- [Instructions for the task] Exactly the lines from the first line of the records to the line holding "Designer: psAdmin" should be duplicated, and nothing more; pictures stay out.

Stored items
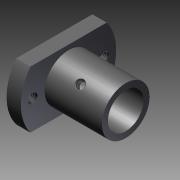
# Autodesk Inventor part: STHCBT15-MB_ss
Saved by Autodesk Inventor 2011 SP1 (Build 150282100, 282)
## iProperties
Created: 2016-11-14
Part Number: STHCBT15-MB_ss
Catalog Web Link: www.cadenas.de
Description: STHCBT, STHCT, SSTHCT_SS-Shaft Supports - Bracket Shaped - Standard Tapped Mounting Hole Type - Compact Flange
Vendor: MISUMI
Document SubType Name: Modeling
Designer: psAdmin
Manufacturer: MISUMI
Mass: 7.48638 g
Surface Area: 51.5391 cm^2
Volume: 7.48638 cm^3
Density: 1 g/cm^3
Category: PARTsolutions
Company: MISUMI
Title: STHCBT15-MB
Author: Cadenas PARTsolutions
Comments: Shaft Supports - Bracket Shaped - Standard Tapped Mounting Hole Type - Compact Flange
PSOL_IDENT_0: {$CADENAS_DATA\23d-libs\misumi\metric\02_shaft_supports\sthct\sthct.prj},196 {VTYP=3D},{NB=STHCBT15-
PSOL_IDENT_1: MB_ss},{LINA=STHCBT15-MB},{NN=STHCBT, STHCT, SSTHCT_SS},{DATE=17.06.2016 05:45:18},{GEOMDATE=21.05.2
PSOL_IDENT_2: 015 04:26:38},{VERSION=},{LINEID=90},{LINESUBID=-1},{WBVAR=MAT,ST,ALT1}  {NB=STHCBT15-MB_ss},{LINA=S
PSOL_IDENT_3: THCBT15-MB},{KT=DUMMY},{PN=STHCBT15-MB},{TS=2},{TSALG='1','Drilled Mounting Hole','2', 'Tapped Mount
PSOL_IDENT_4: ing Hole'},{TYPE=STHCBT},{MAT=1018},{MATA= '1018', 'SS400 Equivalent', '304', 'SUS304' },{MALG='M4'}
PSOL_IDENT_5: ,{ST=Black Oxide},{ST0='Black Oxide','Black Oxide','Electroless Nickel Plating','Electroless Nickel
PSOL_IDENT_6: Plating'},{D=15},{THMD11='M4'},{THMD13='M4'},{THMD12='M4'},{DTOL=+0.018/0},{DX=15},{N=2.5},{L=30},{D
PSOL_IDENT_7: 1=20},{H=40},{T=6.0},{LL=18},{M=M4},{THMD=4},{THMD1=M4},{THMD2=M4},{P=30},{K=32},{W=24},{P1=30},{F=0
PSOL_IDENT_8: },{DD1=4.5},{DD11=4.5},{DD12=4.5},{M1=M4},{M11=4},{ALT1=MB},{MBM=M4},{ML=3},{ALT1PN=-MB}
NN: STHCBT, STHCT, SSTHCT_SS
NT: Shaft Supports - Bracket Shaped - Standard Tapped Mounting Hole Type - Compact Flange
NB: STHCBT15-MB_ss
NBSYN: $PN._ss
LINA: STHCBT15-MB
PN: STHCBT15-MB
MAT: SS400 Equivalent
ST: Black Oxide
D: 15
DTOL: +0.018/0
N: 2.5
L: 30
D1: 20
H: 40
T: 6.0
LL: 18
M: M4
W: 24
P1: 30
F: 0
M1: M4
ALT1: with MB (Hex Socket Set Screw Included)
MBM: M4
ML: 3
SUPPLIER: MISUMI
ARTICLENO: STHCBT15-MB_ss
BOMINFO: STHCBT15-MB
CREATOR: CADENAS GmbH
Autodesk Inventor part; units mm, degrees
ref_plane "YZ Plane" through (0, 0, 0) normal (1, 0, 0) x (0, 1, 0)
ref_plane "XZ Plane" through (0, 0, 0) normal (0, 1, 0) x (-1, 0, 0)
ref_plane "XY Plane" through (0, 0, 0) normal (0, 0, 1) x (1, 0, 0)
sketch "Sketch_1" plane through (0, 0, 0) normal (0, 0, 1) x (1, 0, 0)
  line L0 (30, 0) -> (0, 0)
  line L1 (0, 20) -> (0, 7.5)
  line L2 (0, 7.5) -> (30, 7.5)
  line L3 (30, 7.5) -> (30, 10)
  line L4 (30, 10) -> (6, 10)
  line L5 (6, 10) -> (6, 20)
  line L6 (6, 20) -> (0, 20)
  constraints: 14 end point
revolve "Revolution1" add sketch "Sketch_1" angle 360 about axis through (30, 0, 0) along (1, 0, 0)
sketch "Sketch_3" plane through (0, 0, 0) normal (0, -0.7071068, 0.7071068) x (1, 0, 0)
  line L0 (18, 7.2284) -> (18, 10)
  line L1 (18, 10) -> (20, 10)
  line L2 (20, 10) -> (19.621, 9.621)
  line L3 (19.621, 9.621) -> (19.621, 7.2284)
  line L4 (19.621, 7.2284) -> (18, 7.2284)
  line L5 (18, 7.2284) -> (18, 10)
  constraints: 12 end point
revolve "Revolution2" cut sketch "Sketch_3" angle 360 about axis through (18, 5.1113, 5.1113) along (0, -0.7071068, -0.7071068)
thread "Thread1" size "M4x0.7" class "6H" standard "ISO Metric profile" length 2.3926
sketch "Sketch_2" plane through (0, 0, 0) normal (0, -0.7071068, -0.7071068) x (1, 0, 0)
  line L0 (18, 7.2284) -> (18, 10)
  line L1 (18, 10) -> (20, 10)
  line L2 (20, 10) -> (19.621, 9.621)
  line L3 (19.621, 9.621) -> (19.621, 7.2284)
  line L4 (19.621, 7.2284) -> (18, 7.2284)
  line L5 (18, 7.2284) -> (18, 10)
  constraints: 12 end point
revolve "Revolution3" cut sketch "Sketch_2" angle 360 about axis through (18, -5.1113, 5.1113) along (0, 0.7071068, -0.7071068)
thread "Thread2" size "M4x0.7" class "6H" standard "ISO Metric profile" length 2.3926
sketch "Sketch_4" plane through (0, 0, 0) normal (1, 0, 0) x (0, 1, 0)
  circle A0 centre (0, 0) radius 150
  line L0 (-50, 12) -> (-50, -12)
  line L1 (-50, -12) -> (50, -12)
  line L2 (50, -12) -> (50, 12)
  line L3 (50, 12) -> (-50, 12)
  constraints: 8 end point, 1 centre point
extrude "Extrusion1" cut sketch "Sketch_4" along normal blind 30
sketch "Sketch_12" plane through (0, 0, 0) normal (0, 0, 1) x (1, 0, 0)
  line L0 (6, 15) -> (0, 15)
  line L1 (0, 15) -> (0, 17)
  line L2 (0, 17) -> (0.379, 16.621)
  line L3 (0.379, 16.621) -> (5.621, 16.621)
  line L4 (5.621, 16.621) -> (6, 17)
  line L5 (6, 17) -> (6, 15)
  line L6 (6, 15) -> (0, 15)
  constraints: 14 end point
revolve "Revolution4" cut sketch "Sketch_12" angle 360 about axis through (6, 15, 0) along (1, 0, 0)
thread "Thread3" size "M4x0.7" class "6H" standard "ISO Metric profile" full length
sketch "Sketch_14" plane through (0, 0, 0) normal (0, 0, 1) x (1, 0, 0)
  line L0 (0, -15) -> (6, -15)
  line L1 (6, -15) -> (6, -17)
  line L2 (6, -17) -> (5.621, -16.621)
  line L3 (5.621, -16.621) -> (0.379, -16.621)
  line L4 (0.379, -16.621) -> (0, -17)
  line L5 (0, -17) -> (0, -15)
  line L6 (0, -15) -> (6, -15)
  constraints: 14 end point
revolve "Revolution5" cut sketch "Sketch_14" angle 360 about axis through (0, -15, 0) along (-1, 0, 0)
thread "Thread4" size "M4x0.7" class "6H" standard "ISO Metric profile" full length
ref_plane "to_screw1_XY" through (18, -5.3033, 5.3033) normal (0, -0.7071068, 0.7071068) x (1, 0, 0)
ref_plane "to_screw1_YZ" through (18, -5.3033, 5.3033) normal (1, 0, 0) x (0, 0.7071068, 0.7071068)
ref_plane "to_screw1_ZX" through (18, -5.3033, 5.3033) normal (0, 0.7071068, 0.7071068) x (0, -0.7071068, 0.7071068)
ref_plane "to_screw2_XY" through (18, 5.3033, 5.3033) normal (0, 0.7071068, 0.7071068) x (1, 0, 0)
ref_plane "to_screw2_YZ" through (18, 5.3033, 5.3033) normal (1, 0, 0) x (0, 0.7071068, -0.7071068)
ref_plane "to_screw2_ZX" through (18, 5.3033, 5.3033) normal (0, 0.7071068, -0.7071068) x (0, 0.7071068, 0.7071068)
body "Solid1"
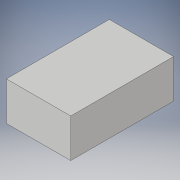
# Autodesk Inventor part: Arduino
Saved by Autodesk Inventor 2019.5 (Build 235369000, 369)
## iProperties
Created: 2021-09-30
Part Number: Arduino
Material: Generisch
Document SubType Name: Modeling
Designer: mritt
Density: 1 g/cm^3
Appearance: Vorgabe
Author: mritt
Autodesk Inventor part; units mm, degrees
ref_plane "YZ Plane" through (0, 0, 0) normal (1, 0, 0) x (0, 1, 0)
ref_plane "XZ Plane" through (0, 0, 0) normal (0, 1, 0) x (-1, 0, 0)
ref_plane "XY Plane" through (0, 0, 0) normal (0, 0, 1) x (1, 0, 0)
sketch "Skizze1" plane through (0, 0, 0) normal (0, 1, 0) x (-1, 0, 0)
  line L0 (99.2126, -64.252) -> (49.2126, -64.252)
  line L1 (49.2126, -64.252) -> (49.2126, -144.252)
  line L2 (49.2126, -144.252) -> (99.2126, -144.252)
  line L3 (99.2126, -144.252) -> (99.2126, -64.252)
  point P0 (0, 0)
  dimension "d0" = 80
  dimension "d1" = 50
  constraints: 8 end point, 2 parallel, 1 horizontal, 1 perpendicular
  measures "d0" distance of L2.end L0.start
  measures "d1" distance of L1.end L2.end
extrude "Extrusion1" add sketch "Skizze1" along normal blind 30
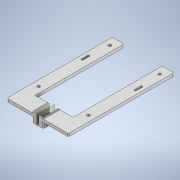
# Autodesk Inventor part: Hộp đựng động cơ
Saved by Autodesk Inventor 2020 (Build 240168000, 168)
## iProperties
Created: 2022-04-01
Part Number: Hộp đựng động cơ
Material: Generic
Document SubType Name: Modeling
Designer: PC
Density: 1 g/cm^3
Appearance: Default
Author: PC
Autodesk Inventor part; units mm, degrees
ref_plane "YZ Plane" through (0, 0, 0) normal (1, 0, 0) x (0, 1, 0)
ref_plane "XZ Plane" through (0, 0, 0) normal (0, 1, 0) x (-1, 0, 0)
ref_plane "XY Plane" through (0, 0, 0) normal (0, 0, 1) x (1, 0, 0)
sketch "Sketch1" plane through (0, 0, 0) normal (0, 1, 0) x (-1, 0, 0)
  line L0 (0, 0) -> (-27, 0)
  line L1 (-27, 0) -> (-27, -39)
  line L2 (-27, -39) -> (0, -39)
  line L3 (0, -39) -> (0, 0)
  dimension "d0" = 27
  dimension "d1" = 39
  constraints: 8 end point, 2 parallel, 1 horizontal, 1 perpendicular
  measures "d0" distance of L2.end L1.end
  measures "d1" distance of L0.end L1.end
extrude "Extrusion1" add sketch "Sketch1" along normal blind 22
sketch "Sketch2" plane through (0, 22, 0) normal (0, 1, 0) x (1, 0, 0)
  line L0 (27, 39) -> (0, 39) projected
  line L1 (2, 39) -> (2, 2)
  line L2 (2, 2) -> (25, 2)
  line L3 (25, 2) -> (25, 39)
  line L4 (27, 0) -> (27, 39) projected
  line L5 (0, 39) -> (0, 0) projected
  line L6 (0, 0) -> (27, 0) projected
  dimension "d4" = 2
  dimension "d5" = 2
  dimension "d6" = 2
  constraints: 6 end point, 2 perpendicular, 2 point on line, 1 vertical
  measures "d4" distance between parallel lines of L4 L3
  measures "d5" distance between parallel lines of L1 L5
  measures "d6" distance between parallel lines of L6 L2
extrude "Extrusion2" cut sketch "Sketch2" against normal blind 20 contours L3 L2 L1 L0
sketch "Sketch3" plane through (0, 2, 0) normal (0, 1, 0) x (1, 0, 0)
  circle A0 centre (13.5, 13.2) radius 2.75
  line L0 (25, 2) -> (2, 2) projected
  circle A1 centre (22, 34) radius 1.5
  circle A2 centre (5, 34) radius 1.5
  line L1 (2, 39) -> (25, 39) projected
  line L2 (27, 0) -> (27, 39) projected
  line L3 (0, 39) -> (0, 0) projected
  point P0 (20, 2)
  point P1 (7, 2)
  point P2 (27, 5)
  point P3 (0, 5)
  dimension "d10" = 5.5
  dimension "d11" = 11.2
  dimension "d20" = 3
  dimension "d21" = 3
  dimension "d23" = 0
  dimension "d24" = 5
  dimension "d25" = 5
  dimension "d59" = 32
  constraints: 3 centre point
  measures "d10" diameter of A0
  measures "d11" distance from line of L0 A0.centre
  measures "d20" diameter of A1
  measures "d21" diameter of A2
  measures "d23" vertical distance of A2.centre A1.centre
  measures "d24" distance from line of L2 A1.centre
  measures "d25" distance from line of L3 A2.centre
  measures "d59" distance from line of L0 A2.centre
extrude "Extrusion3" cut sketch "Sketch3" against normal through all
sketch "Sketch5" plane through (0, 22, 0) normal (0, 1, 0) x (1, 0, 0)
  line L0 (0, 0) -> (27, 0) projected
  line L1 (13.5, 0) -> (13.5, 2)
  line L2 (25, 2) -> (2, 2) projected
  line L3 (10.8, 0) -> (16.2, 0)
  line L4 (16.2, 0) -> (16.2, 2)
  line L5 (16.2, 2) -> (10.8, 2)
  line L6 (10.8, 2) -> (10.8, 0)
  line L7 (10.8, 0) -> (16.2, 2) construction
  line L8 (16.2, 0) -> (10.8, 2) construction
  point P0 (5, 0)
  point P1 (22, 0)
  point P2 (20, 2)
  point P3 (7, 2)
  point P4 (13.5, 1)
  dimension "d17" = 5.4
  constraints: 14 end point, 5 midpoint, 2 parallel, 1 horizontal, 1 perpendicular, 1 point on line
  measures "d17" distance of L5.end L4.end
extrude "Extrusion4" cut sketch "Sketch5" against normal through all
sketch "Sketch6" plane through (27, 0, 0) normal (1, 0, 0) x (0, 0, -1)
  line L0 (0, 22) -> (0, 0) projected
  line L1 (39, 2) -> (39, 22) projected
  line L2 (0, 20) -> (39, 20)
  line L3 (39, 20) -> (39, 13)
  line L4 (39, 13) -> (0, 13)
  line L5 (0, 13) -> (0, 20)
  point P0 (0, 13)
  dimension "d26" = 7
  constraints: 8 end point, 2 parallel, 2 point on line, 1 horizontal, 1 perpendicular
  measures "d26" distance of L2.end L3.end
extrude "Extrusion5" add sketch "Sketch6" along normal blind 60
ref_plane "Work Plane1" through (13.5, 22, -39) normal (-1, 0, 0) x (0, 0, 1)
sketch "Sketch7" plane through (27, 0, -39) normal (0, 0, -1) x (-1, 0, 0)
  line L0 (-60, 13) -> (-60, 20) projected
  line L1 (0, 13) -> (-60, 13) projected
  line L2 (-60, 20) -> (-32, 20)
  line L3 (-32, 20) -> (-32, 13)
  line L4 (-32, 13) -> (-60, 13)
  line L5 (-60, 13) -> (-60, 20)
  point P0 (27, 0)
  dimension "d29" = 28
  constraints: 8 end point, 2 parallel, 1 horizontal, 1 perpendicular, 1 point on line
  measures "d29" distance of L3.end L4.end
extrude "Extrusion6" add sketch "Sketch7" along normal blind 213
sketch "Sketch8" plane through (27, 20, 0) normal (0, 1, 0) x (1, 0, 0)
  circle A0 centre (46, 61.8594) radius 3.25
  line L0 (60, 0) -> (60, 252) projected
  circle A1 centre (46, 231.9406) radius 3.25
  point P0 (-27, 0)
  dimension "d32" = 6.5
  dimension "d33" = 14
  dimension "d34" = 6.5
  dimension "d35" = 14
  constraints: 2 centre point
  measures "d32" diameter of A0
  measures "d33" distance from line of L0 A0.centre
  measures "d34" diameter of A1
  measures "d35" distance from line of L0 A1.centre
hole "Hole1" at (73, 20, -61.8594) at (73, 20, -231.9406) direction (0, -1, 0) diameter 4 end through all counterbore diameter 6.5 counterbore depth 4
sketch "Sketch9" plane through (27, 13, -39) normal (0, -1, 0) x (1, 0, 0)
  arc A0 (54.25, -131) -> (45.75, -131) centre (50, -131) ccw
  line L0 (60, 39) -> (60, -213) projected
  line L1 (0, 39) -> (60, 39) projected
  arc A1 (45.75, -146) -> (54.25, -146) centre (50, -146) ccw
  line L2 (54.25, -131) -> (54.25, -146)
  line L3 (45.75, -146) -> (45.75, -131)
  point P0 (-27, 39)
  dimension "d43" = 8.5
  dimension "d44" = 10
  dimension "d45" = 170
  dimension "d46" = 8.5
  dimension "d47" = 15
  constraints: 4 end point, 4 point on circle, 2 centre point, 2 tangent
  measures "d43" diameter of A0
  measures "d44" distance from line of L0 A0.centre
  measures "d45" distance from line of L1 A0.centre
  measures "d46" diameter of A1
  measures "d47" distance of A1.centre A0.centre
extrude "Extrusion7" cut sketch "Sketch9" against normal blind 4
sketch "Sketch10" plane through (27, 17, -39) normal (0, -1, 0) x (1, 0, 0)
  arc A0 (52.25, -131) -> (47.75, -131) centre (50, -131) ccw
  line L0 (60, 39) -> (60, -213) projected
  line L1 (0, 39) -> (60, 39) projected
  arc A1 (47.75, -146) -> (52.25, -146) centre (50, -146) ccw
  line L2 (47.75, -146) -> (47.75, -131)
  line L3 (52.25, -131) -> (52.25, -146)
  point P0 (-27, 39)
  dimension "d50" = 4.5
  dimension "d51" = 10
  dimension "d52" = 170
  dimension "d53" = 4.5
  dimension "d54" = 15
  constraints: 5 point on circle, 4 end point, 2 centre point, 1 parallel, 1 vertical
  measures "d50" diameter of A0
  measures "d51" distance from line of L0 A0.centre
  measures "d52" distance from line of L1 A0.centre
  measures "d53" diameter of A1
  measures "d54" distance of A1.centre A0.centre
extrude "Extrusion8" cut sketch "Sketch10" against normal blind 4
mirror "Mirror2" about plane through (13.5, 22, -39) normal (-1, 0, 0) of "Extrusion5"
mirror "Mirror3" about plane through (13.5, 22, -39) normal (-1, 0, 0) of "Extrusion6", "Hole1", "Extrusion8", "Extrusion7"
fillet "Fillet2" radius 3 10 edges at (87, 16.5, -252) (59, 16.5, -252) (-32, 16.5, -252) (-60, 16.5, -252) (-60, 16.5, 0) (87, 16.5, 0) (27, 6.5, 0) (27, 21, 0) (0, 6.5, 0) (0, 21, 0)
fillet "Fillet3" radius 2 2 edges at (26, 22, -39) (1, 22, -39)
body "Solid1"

- [Output for this task]
# Autodesk Inventor part: STHCBT15-MB_ss
Saved by Autodesk Inventor 2011 SP1 (Build 150282100, 282)
## iProperties
Created: 2016-11-14
Part Number: STHCBT15-MB_ss
Catalog Web Link: www.cadenas.de
Description: STHCBT, STHCT, SSTHCT_SS-Shaft Supports - Bracket Shaped - Standard Tapped Mounting Hole Type - Compact Flange
Vendor: MISUMI
Document SubType Name: Modeling
Designer: psAdmin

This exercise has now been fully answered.